Exercise – Scan the data below and pick out the lines containing the word "OLED".

*** Records supplied ***

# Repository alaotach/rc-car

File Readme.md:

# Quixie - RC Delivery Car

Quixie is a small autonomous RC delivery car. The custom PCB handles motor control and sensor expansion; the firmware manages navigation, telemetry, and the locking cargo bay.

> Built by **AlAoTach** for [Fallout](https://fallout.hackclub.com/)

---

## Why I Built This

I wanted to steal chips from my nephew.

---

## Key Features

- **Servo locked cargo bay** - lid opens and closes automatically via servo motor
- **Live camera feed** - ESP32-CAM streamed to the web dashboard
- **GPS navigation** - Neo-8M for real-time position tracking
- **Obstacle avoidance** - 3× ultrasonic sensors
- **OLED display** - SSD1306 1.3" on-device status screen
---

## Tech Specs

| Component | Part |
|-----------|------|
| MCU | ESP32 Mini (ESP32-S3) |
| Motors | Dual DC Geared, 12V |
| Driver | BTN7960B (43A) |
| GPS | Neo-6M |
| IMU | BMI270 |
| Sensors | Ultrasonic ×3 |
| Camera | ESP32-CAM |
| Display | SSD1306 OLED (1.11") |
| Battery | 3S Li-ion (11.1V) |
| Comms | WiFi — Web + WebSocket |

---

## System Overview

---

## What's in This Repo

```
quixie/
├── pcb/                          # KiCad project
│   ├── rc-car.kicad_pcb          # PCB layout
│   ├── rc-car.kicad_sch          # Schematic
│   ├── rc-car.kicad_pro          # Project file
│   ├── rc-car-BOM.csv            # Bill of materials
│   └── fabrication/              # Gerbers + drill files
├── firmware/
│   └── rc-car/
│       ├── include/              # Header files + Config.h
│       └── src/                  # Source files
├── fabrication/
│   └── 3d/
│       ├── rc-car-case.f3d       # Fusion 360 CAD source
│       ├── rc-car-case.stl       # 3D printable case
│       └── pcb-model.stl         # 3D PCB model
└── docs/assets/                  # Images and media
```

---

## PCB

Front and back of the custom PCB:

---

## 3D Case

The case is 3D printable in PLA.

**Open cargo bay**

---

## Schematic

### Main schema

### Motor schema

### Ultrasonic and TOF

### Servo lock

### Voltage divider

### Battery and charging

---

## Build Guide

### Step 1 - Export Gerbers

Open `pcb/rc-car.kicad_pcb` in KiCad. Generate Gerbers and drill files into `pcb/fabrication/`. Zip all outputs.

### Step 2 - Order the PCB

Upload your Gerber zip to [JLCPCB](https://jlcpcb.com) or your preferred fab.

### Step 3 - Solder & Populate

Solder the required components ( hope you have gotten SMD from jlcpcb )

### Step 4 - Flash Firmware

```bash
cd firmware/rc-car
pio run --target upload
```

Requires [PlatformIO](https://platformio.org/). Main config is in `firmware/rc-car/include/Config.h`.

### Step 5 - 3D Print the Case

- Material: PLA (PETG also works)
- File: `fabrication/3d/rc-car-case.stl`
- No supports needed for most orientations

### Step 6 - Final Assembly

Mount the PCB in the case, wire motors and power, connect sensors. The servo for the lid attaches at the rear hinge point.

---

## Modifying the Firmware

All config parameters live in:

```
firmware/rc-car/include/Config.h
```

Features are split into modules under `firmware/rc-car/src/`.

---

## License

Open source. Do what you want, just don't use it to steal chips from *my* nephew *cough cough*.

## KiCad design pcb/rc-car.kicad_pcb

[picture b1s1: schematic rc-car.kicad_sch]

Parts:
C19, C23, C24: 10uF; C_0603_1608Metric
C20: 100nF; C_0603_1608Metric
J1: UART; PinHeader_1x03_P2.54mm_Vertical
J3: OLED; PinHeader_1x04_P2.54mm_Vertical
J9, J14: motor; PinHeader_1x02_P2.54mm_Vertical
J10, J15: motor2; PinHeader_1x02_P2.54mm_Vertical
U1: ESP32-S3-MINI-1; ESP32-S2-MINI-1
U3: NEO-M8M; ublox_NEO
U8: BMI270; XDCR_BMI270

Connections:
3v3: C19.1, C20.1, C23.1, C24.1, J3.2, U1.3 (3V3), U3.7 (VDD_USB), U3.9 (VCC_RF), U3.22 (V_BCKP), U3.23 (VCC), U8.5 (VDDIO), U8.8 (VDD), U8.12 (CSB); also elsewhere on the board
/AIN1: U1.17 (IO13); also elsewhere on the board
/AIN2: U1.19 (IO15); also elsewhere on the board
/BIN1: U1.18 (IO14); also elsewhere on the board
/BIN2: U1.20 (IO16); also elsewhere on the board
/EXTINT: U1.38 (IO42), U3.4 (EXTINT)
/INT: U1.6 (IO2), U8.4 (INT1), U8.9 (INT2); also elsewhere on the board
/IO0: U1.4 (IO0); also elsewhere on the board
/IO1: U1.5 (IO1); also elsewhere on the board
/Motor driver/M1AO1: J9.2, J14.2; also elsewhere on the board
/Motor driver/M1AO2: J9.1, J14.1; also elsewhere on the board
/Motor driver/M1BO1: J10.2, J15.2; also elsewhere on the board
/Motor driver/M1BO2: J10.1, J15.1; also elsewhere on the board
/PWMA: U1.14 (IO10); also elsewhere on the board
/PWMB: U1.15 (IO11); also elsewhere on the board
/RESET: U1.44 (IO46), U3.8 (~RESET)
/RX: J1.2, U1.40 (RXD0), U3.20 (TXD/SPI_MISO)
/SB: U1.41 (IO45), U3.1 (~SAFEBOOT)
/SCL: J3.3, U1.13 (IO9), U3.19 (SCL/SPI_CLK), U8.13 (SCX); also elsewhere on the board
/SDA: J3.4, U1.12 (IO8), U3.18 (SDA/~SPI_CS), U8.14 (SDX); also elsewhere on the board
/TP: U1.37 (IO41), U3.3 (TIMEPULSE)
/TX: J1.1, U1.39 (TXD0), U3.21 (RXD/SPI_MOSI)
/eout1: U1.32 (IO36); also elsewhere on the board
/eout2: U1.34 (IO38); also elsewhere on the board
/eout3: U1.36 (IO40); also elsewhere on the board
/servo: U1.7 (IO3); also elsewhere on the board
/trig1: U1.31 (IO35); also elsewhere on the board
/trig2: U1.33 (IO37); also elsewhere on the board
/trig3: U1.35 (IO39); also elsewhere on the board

*** End of Records supplied ***

Task output –
- **OLED display** - SSD1306 1.3" on-device status screen
| Display | SSD1306 OLED (1.11") |
J3: OLED; PinHeader_1x04_P2.54mm_Vertical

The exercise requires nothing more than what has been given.